À parte o ruído de fundo dos insectos, a rua larga e deserta estava mergulhada no silêncio. Os abastados proprietários das grandes casas retiradas, gerentes bancários, directores de empresas e funcionários públicos de topo, estavam em casa desde as cinco horas e falavam do dia com as esposas, ou tomavam um duche e mudavam de roupa. Dali a meia hora, a rua voltaria a ganhar vida com o trânsito dos cocktails. Mas agora , aquele quilómetro elegante da “Rich Road”, como lhe chamavam os comerciantes de Kingston, continha apenas a expectativa de um palco vazio e o perfume denso de jasmim.»
(Contraponto, 2010. Tradução de Luís Santos)
Assim começa… «A Divina Comédia», de Dante Alighieri
«No meio do caminho em nossa vida,
eu me encontrei por uma selva escura
porque a direita via era perdida.
Ah, só dizer o que era é cousa dura,
esta selva selvagem, aspra e forte,
que de temor renova à mente a agrura!
Tão amarga é, que pouco mais é morte;
mas, por tratar do bem que eu nela achei,
direi mais cousas vistas de tal sorte.»
(Quetzal, 2011. Tradução de Vasco Graça Moura)
Assim começa… “Smilla e os Mistérios da Neve”, de Peter Høeg
«Faz um frio extraordinário, 18º negativos, neva, e na língua que já não é a minha a neve chama-se qanik, grandes cristais quase sem peso que caem agrupados e forram a terra com uma capa de gelo branco, pulverizado.

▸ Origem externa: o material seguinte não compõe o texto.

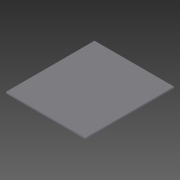
# Autodesk Inventor part: EnclosureSideLeft
Saved by Autodesk Inventor 2015 (Build 190159000, 159)
## iProperties
Created: 2014-08-22
Part Number: EnclosureSideLeft
Material: ABS Plastic
Document SubType Name: Modeling
Designer: t_clevj
Density: 1.06 g/cm^3
Appearance: Smooth - White
Author: t_clevj
Autodesk Inventor part; units mm, degrees
ref_plane "YZ Plane" through (0, 0, 0) normal (1, 0, 0) x (0, 1, 0)
ref_plane "XZ Plane" through (0, 0, 0) normal (0, 1, 0) x (-1, 0, 0)
ref_plane "XY Plane" through (0, 0, 0) normal (0, 0, 1) x (1, 0, 0)
sketch "Sketch1" plane through (0, 0, 0) normal (0, 0, 1) x (1, 0, 0)
  line L0 (-331, 20) -> (19, 20) projected
  line L1 (19, 0) -> (19, -350) projected
  line L2 (-331, -369) -> (-331, 19) projected
  line L3 (-331, -370) -> (19, -370) projected
  line L4 (19, -369) -> (19, -370) projected
  line L5 (19, -369) -> (19, -363.3) projected
  line L6 (19, -370) -> (19, 20)
  line L7 (19, 20) -> (-331, 20)
  line L8 (-331, 20) -> (-331, -370)
  line L9 (-331, -370) -> (19, -370)
  point P0 (0, 0)
  constraints: 8 end point, 2 collinear, 1 perpendicular, 1 vertical
extrude "Extrusion1" add sketch "Sketch1" along normal blind 6
body "Solid1"
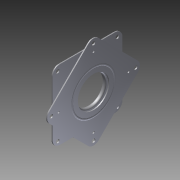
# Autodesk Inventor part: Triangle_3C
Saved by Autodesk Inventor 2014 (Build 180170000, 170)
## iProperties
Category: Miscellaneous
Company: Autodesk Inc.
Created: 2013-12-22
Part Number: Triangle_3C
Material: Generic
Document SubType Name: Modeling
Designer: Autodesk Inc.
Density: 1 g/cm^3
Description: Lazy Susan Bearing
Vendor: FIRSTChoice
Appearance: Default
Catalog Web Link: http://www.triangleoshkosh.com/assets/files/cad-drawings-lazy-susans/lazy-susan-3c.pdf
Author: Autodesk Inc.
Autodesk Inventor part; units mm, degrees
note: some values were not read from the file. Chosen so that the rebuilt part matches the saved one: direction of "Hole2".
ref_plane "XZ Plane" through (0, 0, 0) normal (0, 1, 0) x (-1, 0, 0)
sketch "Sketch1" plane through (0, 0, 0) normal (0, 0, 1) x (1, 0, 0)
  arc A0 (41.8853, -132.7525) -> (42.1663, -137.7917) centre (43.3819, -135.1965) ccw
  arc A1 (40.9995, -133.6037) -> (40.9995, -133.6037) centre (40.7786, -131.2035) ccw
  arc A2 (43.0328, -139.1543) -> (42.1663, -137.7917) centre (41.5281, -139.1543) ccw
  line L0 (43.0327, -141.4034) -> (43.0328, -139.1543)
  arc A3 (41.92, -139.5252) -> (41.4125, -138.6518) centre (40.9148, -139.5252) ccw
  arc A4 (40.6494, -128.2494) -> (41.1368, -128.7378) centre (41.2457, -128.1418) ccw
  arc A5 (41.8853, -132.7525) -> (41.1368, -128.7378) centre (40.7438, -130.8883) ccw
  arc A6 (41.3072, -131.8034) -> (40.937, -129.8311) centre (40.7438, -130.8883) ccw
  arc A7 (39.5318, -128.2494) -> (40.937, -129.8311) centre (41.2457, -128.1418) ccw
  line L1 (43.3819, -135.1965) -> (43.3819, -135.1965)
  line L2 (43.3819, -135.1965) -> (43.3819, -128.2495) construction
  arc A8 (44.5974, -137.7917) -> (44.8784, -132.7525) centre (43.3819, -135.1965) ccw
  arc A9 (45.7642, -133.6037) -> (45.7642, -133.6037) centre (45.9852, -131.2035) ccw
  arc A10 (44.5974, -137.7917) -> (43.7309, -139.1543) centre (45.2356, -139.1543) ccw
  line L3 (43.731, -141.4034) -> (43.7309, -139.1543)
  arc A11 (45.3512, -138.6518) -> (44.8437, -139.5252) centre (45.849, -139.5252) ccw
  line L4 (44.8437, -141.4034) -> (44.8437, -139.5252)
  line L5 (47.2319, -128.2494) -> (46.1143, -128.2494)
  arc A12 (45.627, -128.7378) -> (46.1143, -128.2494) centre (45.518, -128.1418) ccw
  arc A13 (45.627, -128.7378) -> (44.8784, -132.7525) centre (46.02, -130.8883) ccw
  arc A14 (45.8268, -129.8311) -> (45.4565, -131.8034) centre (46.02, -130.8883) ccw
  arc A15 (45.8268, -129.8311) -> (47.2319, -128.2494) centre (45.518, -128.1418) ccw
  arc A16 (45.3512, -138.6518) -> (45.4565, -131.8034) centre (43.3819, -135.1965) ccw
  arc A17 (43.3824, -141.8896) -> (43.731, -141.4034) centre (43.3373, -141.4892) ccw
  line L6 (43.3824, -141.8896) -> (42.4656, -141.8896)
  line L7 (41.8946, -139.6298) -> (40.9951, -139.6298)
  line L8 (40.9951, -139.6298) -> (40.9952, -141.6844)
  arc A18 (40.9952, -141.6844) -> (42.2182, -142.9074) centre (42.2182, -141.6843) ccw
  line L9 (42.2182, -142.9074) -> (43.3398, -142.9073)
  arc A19 (43.3398, -142.9073) -> (44.8437, -141.4034) centre (43.3398, -141.4034) ccw
  line L10 (39.3857, -158.5192) -> (47.3359, -158.5192) construction
  line L11 (41.92, -139.5252) -> (41.92, -141.4034)
  line L12 (41.8946, -139.6298) -> (41.8946, -141.3187)
  line L13 (41.92, -141.4034) -> (43.0327, -141.4034)
  arc A20 (41.8946, -141.3187) -> (42.4656, -141.8896) centre (42.4656, -141.3187) ccw
  line L14 (39.5318, -128.2494) -> (40.6494, -128.2494)
  arc A21 (41.3072, -131.8034) -> (41.4125, -138.6518) centre (43.3819, -135.1965) ccw
  point P0 (0, 0)
  point P1 (39.3972, -128.727)
  point P2 (47.3665, -128.727)
  dimension "d15" = 1.1127
  dimension "d39" = 1.1176
  dimension "d55" = 0.0254
  constraints: 48 point on circle, 30 end point, 22 centre point, 21 symmetric about line, 11 tangent, 4 parallel, 3 perpendicular, 2 vertical, 1 coincident, 1 horizontal, 9 other
  measures "d15" distance of L0.start L11.end
  measures "d39" distance of L14.start L14.end
  measures "d55" distance between parallel lines of L11 L12
revolve "Revolution1" add sketch "Sketch1" angle 360 about axis through (39.3857, -158.5192, 0) along (1, 0, 0) contours A0 A1 A21 A6 A7 A5 | A0 A2 L0 L13 L11 A3 A21 A1 | A1 A7 L14 A4 A5
revolve "Revolution2" add sketch "Sketch1" angle 360 about axis through (39.3857, -158.5192, 0) along (1, 0, 0) contours A8 A9 A16 A11 L4 A19 L9 A18 L8 L7 L12 A20 L6 A17 L3 A10 | A8 A13 A9 A15 A14 A16 | A13 A12 L5 A15 A9
ref_plane "Work Plane1" through (39.5318, -128.2494, 0) normal (1, 0, 0) x (0, 1, 0)
sketch "Sketch2" plane through (39.5318, -128.2494, 0) normal (1, 0, 0) x (0, 1, 0)
  circle A0 centre (-30.2699, 0) radius 30.2699 projected
  line L0 (7.8301, 38.1) -> (-68.3699, 38.1)
  line L1 (-68.3699, 38.1) -> (-68.3699, -38.1)
  line L2 (-68.3699, -38.1) -> (7.8301, -38.1)
  line L3 (7.8301, -38.1) -> (7.8301, 38.1)
  point P0 (128.2494, 0)
  point P1 (7.8301, 0)
  point P2 (-30.2699, -38.1)
  dimension "d82" = 76.2
  dimension "d83" = 76.2
  constraints: 8 end point, 2 midpoint, 2 parallel, 1 horizontal, 1 horizontal alignment, 1 perpendicular, 1 vertical alignment
  measures "d82" distance between parallel lines of L2 L0
  measures "d83" distance between parallel lines of L1 L3
extrude "Extrusion1" add sketch "Sketch2" along normal blind 1.1176
fillet "Fillet1" radius 7.9502 4 edges at (40.0906, -120.4192, 38.1) (40.0906, -120.4192, -38.1) (40.0906, -196.6192, 38.1) (40.0906, -196.6192, -38.1)
ref_plane "Work Plane2" through (47.2319, -128.2494, 0) normal (1, 0, 0) x (0, 1, 0)
sketch "Sketch3" plane through (47.2319, -128.2494, 0) normal (1, 0, 0) x (0, 1, 0)
  line L0 (-30.2699, 53.8815) -> (23.6117, 0)
  line L1 (23.6117, 0) -> (-30.2699, -53.8815)
  line L2 (-30.2699, -53.8815) -> (-84.1514, 0)
  line L3 (-84.1514, 0) -> (-30.2699, 53.8815)
  line L4 (7.8301, 30.1498) -> (7.8301, -30.1498) projected
  line L5 (-68.3699, -30.1498) -> (-68.3699, 30.1498) projected
  circle A0 centre (-30.2699, 0) radius 17.1158 projected
  point P0 (128.2494, 0)
  point P1 (7.8301, 0)
  point P2 (-68.3699, 0)
  dimension "d87" = 76.2
  constraints: 8 end point, 3 perpendicular, 2 horizontal alignment, 2 midpoint, 2 vertical alignment
  measures "d87" distance of L0.end L1.end
extrude "Extrusion2" add sketch "Sketch3" against normal up to surface (1.1176 mm away)
fillet "Fillet2" radius 7.9502 4 edges at (46.6731, -104.6377, 0) (46.6731, -158.5192, -53.8815) (46.6731, -158.5192, 53.8815) (46.6731, -212.4008, 0)
sketch "Sketch4" plane through (47.2319, -128.2494, 0) normal (1, 0, 0) x (0, 0, -1)
  line L0 (48.2599, -35.8915) -> (5.6216, -78.5297) projected
  line L1 (5.6216, 17.99) -> (48.2599, -24.6482) projected
  line L2 (-48.2599, -24.6482) -> (-5.6216, 17.99) projected
  line L3 (-5.6216, -78.5297) -> (-48.2599, -35.8915) projected
  point P0 (0, 128.2494)
  point P1 (-46.0328, -30.2699)
  point P2 (0, 15.7629)
  point P3 (46.0328, -30.2699)
  point P4 (0, -76.3026)
  point P5 (-38.1661, -30.2699)
  point P6 (0, 7.8962)
  point P7 (38.1661, -30.2699)
  point P8 (0, -68.4359)
  dimension "d91" = 65.1002
  dimension "d92" = 5.5499
  dimension "d93" = 65.1002
  dimension "d94" = 65.1002
  dimension "d95" = 65.1002
  dimension "d96" = 53.975
  dimension "d97" = 11.1125
  dimension "d98" = 5.5499
  dimension "d99" = 11.1125
  dimension "d100" = 53.975
  dimension "d101" = 11.1125
  dimension "d102" = 5.5499
  dimension "d103" = 5.5499
  dimension "d104" = 11.1125
  dimension "d105" = 11.1125
  dimension "d106" = 11.1125
  measures "d91" distance of point (46.033, -30.27) point (0, -76.303)
  measures "d92" distance from line of L1 point (46.033, -30.27)
  measures "d93" distance of point (0, 15.763) point (46.033, -30.27)
  measures "d94" distance of point (-46.033, -30.27) point (0, 15.763)
  measures "d95" distance of point (-46.033, -30.27) point (0, -76.303)
  measures "d96" distance of point (0, -68.436) point (38.166, -30.27)
  measures "d97" distance from line of L1 point (38.166, -30.27)
  measures "d98" distance from line of point (0, 15.763) L1
  measures "d99" distance from line of L1 point (0, 7.896)
  measures "d100" distance of point (-38.166, -30.27) point (0, 7.896)
  measures "d101" distance from line of L3 point (-38.166, -30.27)
  measures "d102" distance from line of L2 point (0, 15.763)
  measures "d103" distance from line of L3 point (-46.033, -30.27)
  measures "d104" distance from line of point (-38.166, -30.27) L2
  measures "d105" distance from line of point (0, -68.436) L0
  measures "d106" distance from line of L0 point (38.166, -30.27)
hole "Hole1" at (47.2319, -158.5192, 46.0328) at (47.2319, -112.4864, 0) at (47.2319, -158.5192, -46.0328) at (47.2319, -204.552, 0) direction (-1, 0, 0) diameter 3.9624 end through all
hole "Hole2" at (47.2319, -158.5192, 38.1661) at (47.2319, -120.3531, 0) at (47.2319, -158.5192, -38.1661) at (47.2319, -196.6853, 0) direction (-1, 0, 0) diameter 2.3876 end up to surface
sketch "Sketch5" plane through (40.6494, -128.2494, 0) normal (1, 0, 0) x (0, 0, -1)
  line L0 (30.1498, -68.3699) -> (-30.1498, -68.3699) projected
  line L1 (38.1, -0.1201) -> (38.1, -60.4197) projected
  line L2 (-30.1498, 7.8301) -> (30.1498, 7.8301) projected
  point P0 (0, 128.2494)
  point P1 (32.5501, 2.2802)
  point P2 (-32.5501, 2.2802)
  point P3 (-32.5501, -63.8412)
  point P4 (32.5501, -63.8412)
  dimension "d121" = 65.1002
  dimension "d122" = 5.5499
  dimension "d123" = 5.5499
  dimension "d124" = 4.5287
  constraints: 2 horizontal alignment, 2 vertical alignment
  measures "d121" distance of point (-32.55, 2.28) point (32.55, 2.28)
  measures "d122" distance from line of point (32.55, 2.28) L1
  measures "d123" distance from line of point (32.55, 2.28) L2
  measures "d124" distance from line of point (32.55, -63.841) L0
hole "Hole3" at (40.6494, -125.9691, -32.5501) at (40.6494, -125.9691, 32.5501) at (40.6494, -192.0905, 32.5501) at (40.6494, -192.0905, -32.5501) direction (-1, 0, 0) diameter 3.9624 end through all
equation "\"d15\" = d3"
equation "\"d93\" = d91"
equation "\"d94\" = d93"
equation "\"d95\" = d94"
equation "\"d98\" = d92"
equation "\"d99\" = d97"
equation "\"d100\" = d96"
equation "\"d101\" = d97"
equation "\"d102\" = d98"
equation "\"d103\" = d98"
equation "\"d104\" = d101"
equation "\"d105\" = d101"
equation "\"d106\" = d105"
equation "\"d123\" = d122"
equation "\"d8\" = d3"
equation "\"d3\" = 1.112684"
body "Solid1"

O escuro de Dezembro sobe do túmulo, dá a impressão de não ter limites, é como o céu lá em cima. Nessa escuridão os nossos rostos são apenas pálidos discos luminosos, o que não me impede de me aperceber da desaprovação com que o pastor e o sacristão da igreja consideram as minhas meias de rede prestas e a choradeira de Juliane, que piorou porque esta manhã ela tomou um calmante e agora está quase sóbria diante da dor. Para eles, nós as duas não respeitamos o clima nem as circunstâncias trágicas. Mas a verdade é que tanto as meias de nylon como os comprimidos, cada um a seu modo, são uma homenagem ao frio e a Isaiah.»